I did find one kit in the U106 project that has not had SNP testing beyond U106 who is close to us (wGD = 9.8 - probably < 1000 years). He knows his origin is in Scotland.

I have also found others who are somewhat more distant who are not in the U106 project. I found them by searching on Y-search (it's based on simple genetic distances) and made sure they were still close when wGD was tested (some that look close by simple GD, don't when tested with wGD.) They are at wGD of 14. I was able to find these two in family projects and contact them. One is descended from a German who immigrated to America in 1700. I estimate the time of our common ancestor to be ~1500 years ago (the time of the Saxon migration to Britain.) Since our common ancestor was likely in Germany 1500 years ago, that means that my ancestor had to leave Germany for Britain at that time or later. The second kit at wGD of 14 belongs to someone who doesn't know their origin, but their surname sounds English.

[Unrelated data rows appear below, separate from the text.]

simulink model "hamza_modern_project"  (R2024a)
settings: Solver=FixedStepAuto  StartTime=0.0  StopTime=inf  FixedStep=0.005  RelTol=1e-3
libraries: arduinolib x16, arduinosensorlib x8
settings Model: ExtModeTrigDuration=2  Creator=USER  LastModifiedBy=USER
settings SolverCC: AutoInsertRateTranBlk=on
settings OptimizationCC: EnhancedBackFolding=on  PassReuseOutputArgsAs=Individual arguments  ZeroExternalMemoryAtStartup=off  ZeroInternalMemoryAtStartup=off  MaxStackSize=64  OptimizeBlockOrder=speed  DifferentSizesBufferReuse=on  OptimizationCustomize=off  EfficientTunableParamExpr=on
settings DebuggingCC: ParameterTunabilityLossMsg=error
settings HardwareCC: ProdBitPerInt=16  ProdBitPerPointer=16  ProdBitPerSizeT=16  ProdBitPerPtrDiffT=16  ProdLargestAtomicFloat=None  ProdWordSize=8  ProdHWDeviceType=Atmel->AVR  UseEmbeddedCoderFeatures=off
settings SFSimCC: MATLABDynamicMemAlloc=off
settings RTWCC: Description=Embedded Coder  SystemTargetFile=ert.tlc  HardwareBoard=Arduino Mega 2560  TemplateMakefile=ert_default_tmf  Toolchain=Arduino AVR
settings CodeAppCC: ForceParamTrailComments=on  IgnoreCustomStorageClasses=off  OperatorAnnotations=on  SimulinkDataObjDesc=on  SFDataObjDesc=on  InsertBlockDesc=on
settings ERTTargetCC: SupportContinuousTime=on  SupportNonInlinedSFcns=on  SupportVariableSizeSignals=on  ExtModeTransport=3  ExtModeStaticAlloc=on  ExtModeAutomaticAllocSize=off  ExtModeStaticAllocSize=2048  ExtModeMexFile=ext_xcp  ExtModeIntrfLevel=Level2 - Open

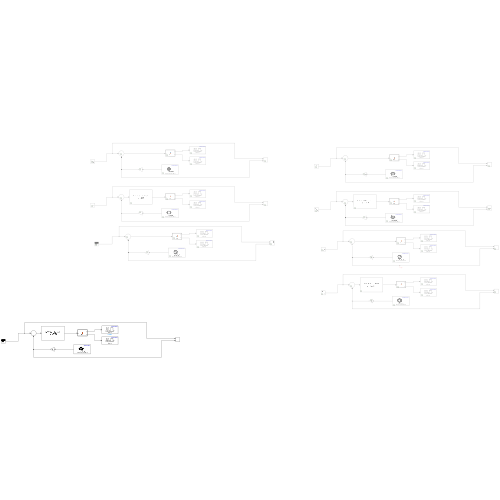
[thumbnail: Simulink's stored preview of the top-level diagram]
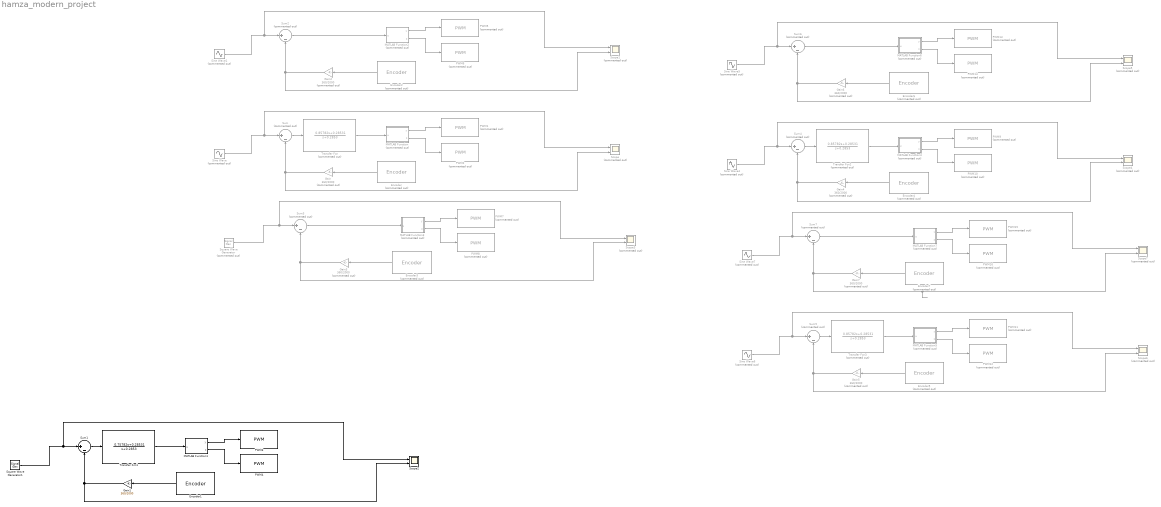
== system hamza_modern_project ==
  Encoder{,2..7} (7 alike) : arduinosensorlib/Encoder  Commented=on  InputA=2  InputB=3  Mode=No reset  SampleTime=-1
  Encoder1 : arduinosensorlib/Encoder  InputA=2  InputB=3  Mode=No reset  SampleTime=-1
  Gain{,2..7} (7 alike) : Gain  Commented=on  Gain=360/2000
  Gain1 : Gain  Gain=360/2000
  MATLAB Function : MATLAB Function  Commented=on  TreatAsAtomicUnit=on
  MATLAB Function1 : MATLAB Function  TreatAsAtomicUnit=on
  MATLAB Function2 : MATLAB Function  Commented=on  TreatAsAtomicUnit=on
  MATLAB Function3 : MATLAB Function  Commented=on  TreatAsAtomicUnit=on
  MATLAB Function4 : MATLAB Function  Commented=on  TreatAsAtomicUnit=on
  MATLAB Function5 : MATLAB Function  Commented=on  TreatAsAtomicUnit=on
  MATLAB Function6 : MATLAB Function  Commented=on  TreatAsAtomicUnit=on
  MATLAB Function7 : MATLAB Function  Commented=on  TreatAsAtomicUnit=on
  PWM{1,5,7,9,11,13,15} (7 alike) : arduinolib/PWM  Commented=on  pinNumber=6  frequencyType=Default  desiredFrequency=490.2  achievableFrequency=490.2
  PWM{2,6,8,10,12,14,16} (7 alike) : arduinolib/PWM  Commented=on  pinNumber=5  frequencyType=Default  desiredFrequency=490.2  achievableFrequency=490.2
  PWM3 : arduinolib/PWM  pinNumber=6  frequencyType=Default  desiredFrequency=490.2  achievableFrequency=490.2
  PWM4 : arduinolib/PWM  pinNumber=5  frequencyType=Default  desiredFrequency=490.2  achievableFrequency=490.2
  Scope{,1,3..7} (7 alike) : Scope  Commented=on  NumInputPorts=2
  Scope2 : Scope  NumInputPorts=2
  Sine Wave : Sin  Commented=on  Amplitude=90  Frequency=100  SampleTime=0
  Sine Wave1 : Sin  Commented=on  Amplitude=90  Frequency=50  SampleTime=0
  Sine Wave4 : Sin  Commented=on  Amplitude=90  Frequency=100  SampleTime=0
  Sine Wave5 : Sin  Commented=on  Amplitude=90  Frequency=50  SampleTime=0
  Sine Wave6 : Sin  Commented=on  Amplitude=90  Frequency=100  SampleTime=0
  Sine Wave7 : Sin  Commented=on  Amplitude=90  Frequency=50  SampleTime=0
  Square Wave Generator : SignalGenerator  Commented=on  WaveForm=square  Amplitude=60  Frequency=50  Units=rad/sec
  Square Wave Generator1 : SignalGenerator  WaveForm=square  Amplitude=60  Frequency=50  Units=rad/sec
  Sum{,2..7} (7 alike) : Sum  Commented=on  Inputs=|+-
  Sum1 : Sum  Inputs=|+-
  Transfer Fcn : TransferFcn  Commented=on  Numerator=[0.85782 0.28531]  Denominator=[1 0.2853]
  Transfer Fcn1 : TransferFcn  Numerator=[0.75782 0.28531]  Denominator=[1 0.2853]
  Transfer Fcn2 : TransferFcn  Commented=on  Numerator=[0.85782 0.28531]  Denominator=[1 0.2853]
  Transfer Fcn3 : TransferFcn  Commented=on  Numerator=[0.85782 0.28531]  Denominator=[1 0.2853]
  wires:
  MATLAB Function/2(z) -> PWM2/1
  MATLAB Function/1(y) -> PWM1/1
  Transfer Fcn/1 -> MATLAB Function/1(u)
  Gain/1 -> Scope/2, Sum/2
  Encoder/1 -> Gain/1
  Sum/1 -> Transfer Fcn/1
  Sine Wave/1 -> Scope/1, Sum/1
  Sine Wave1/1 -> Sum2/1, Scope1/1
  Encoder2/1 -> Gain2/1
  Gain2/1 -> Sum2/2, Scope1/2
  Sum2/1 -> MATLAB Function2/1(u)
  MATLAB Function2/1(y) -> PWM5/1
  MATLAB Function2/2(z) -> PWM6/1
  MATLAB Function3/2(z) -> PWM8/1
  MATLAB Function3/1(y) -> PWM7/1
  Sum3/1 -> MATLAB Function3/1(u)
  Gain3/1 -> Scope3/2, Sum3/2
  Encoder3/1 -> Gain3/1
  Square Wave Generator/1 -> Scope3/1, Sum3/1
  Square Wave Generator1/1 -> Sum1/1, Scope2/1
  Sum1/1 -> Transfer Fcn1/1
  Encoder1/1 -> Gain1/1
  Gain1/1 -> Sum1/2, Scope2/2
  Transfer Fcn1/1 -> MATLAB Function1/1(u)
  MATLAB Function1/1(y) -> PWM3/1
  MATLAB Function1/2(z) -> PWM4/1
  Sine Wave7/1 -> Scope7/1, Sum7/1
  Encoder6/1 -> Gain6/1
  Gain4/1 -> Scope4/2, Sum4/2
  Sine Wave4/1 -> Scope4/1, Sum4/1
  Encoder4/1 -> Gain4/1
  MATLAB Function4/2(z) -> PWM10/1
  MATLAB Function4/1(y) -> PWM9/1
  Transfer Fcn2/1 -> MATLAB Function4/1(u)
  Sine Wave5/1 -> Sum6/1, Scope5/1
  MATLAB Function6/1(y) -> PWM13/1
  MATLAB Function6/2(z) -> PWM14/1
  MATLAB Function7/1(y) -> PWM15/1
  MATLAB Function7/2(z) -> PWM16/1
  Sum4/1 -> Transfer Fcn2/1
  Sine Wave6/1 -> Sum5/1, Scope6/1
  Gain6/1 -> Sum6/2, Scope5/2
  MATLAB Function5/1(y) -> PWM11/1
  MATLAB Function5/2(z) -> PWM12/1
  Gain7/1 -> Scope7/2, Sum7/2
  Transfer Fcn3/1 -> MATLAB Function5/1(u)
  Gain5/1 -> Sum5/2, Scope6/2
  Sum5/1 -> Transfer Fcn3/1
  Encoder7/1 -> Gain7/1
  Sum6/1 -> MATLAB Function6/1(u)
  Sum7/1 -> MATLAB Function7/1(u)
  Encoder5/1 -> Gain5/1

== matlab function hamza_modern_project/MATLAB Function ==
  data: u input; y output; z output
function [y,z] = fcn(u)
    if u == 0
        y = 0;
        z = 0;
    elseif u > 0
        y = 0;
        z = u * 4;
        if (z>255)
            z=255;
        end
    else
        z = 0;
        y = abs(u)* 4;
        if (y>255)
            y=255;
        end
    end
end

== matlab function hamza_modern_project/MATLAB Function2 ==
  data: u input; y output; z output
function [y,z] = fcn(u)
    if u == 0
        y = 0;
        z = 0;
    elseif u > 0
        y = 0;
        z = u * 2;
        if (z>255)
            z=255;
        end
    else
        z = 0;
        y = abs(u)* 2;
        if (y>255)
            y=255;
        end
    end
end

== matlab function hamza_modern_project/MATLAB Function3 ==
  data: u input; y output; z output
function [y,z] = fcn(u)
    if u == 0
        y = 0;
        z = 0;
    elseif u > 0
        y = 0;
        z = u * 2;
        if (z>255)
            z=255;
        end
    else
        z = 0;
        y = abs(u)* 2;
        if (y>255)
            y=255;
        end
    end
end

== matlab function hamza_modern_project/MATLAB Function4 ==
  data: u input; y output; z output
function [y,z] = fcn(u)
    if u == 0
        y = 0;
        z = 0;
    elseif u > 0
        y = 0;
        z = u * 4;
        if (z>255)
            z=255;
        end
    else
        z = 0;
        y = abs(u)* 4;
        if (y>255)
            y=255;
        end
    end
end

== matlab function hamza_modern_project/MATLAB Function5 ==
  data: u input; y output; z output
function [y,z] = fcn(u)
    if u == 0
        y = 0;
        z = 0;
    elseif u > 0
        y = 0;
        z = u * 4;
        if (z>255)
            z=255;
        end
    else
        z = 0;
        y = abs(u)* 4;
        if (y>255)
            y=255;
        end
    end
end

== matlab function hamza_modern_project/MATLAB Function6 ==
  data: u input; y output; z output
function [y,z] = fcn(u)
    if u == 0
        y = 0;
        z = 0;
    elseif u > 0
        y = 0;
        z = u * 2;
        if (z>255)
            z=255;
        end
    else
        z = 0;
        y = abs(u)* 2;
        if (y>255)
            y=255;
        end
    end
end

== matlab function hamza_modern_project/MATLAB Function7 ==
  data: u input; y output; z output
function [y,z] = fcn(u)
    if u == 0
        y = 0;
        z = 0;
    elseif u > 0
        y = 0;
        z = u * 2;
        if (z>255)
            z=255;
        end
    else
        z = 0;
        y = abs(u)* 2;
        if (y>255)
            y=255;
        end
    end
end

== matlab function hamza_modern_project/MATLAB Function1 ==
  data: u input; y output; z output
function [y,z] = fcn(u)
    if u == 0
        y = 0;
        z = 0;
    elseif u > 0
        y = 0;
        z = u * 4;
        if (z>255)
            z=255;
        end
    else
        z = 0;
        y = abs(u)* 4;
        if (y>255)
            y=255;
        end
    end
end

I have also tested kits in the British Isles by County project who know their origin. There are about 2000 kits who know their origin. About 300 are probably in U106. However this didn't yield any very close kits. This is not surprising, since I only found one kit in the 2100 in the U106 project who is very close to us. That's 0.05%. Z331 Z326- is about 0.5% of U106 kits. It is a generous estimate to think that people with a common ancestor with me less than 1000 years ago would be 1/10 of Z331 Z326-. The real fraction is probably lower than that, and I got lucky to even find one kit in the U106 project who is close to us.

What all this means is that, for my approach to work, we must have access to 67 STR matches at greater GDs than FT will give us now. Trying to find them on Y-search and fishing in family and regional projects is just not practical. It might work for people in very well populated SNP clades, but it isn't going to work for the rest of us. We need to find enough close kits that know their origins, that we can see a geographic pattern emerge. If I could search 30,000 U106 kits, I might find 15 people sufficiently close to be informative, and maybe half of them might know their origins. That's about the minimum for this to work.

We can't rely on one or a few close matches - it's too easy for it to be misleading. I don't know how many U106 kits FT has tested at 67 STRs , but I'm guessing that it's enough that this approach might work if they (and the kit owners) would just let us see the matches. I think that if it was explained to them how other people could benefit from what they know, many would be willing to do it.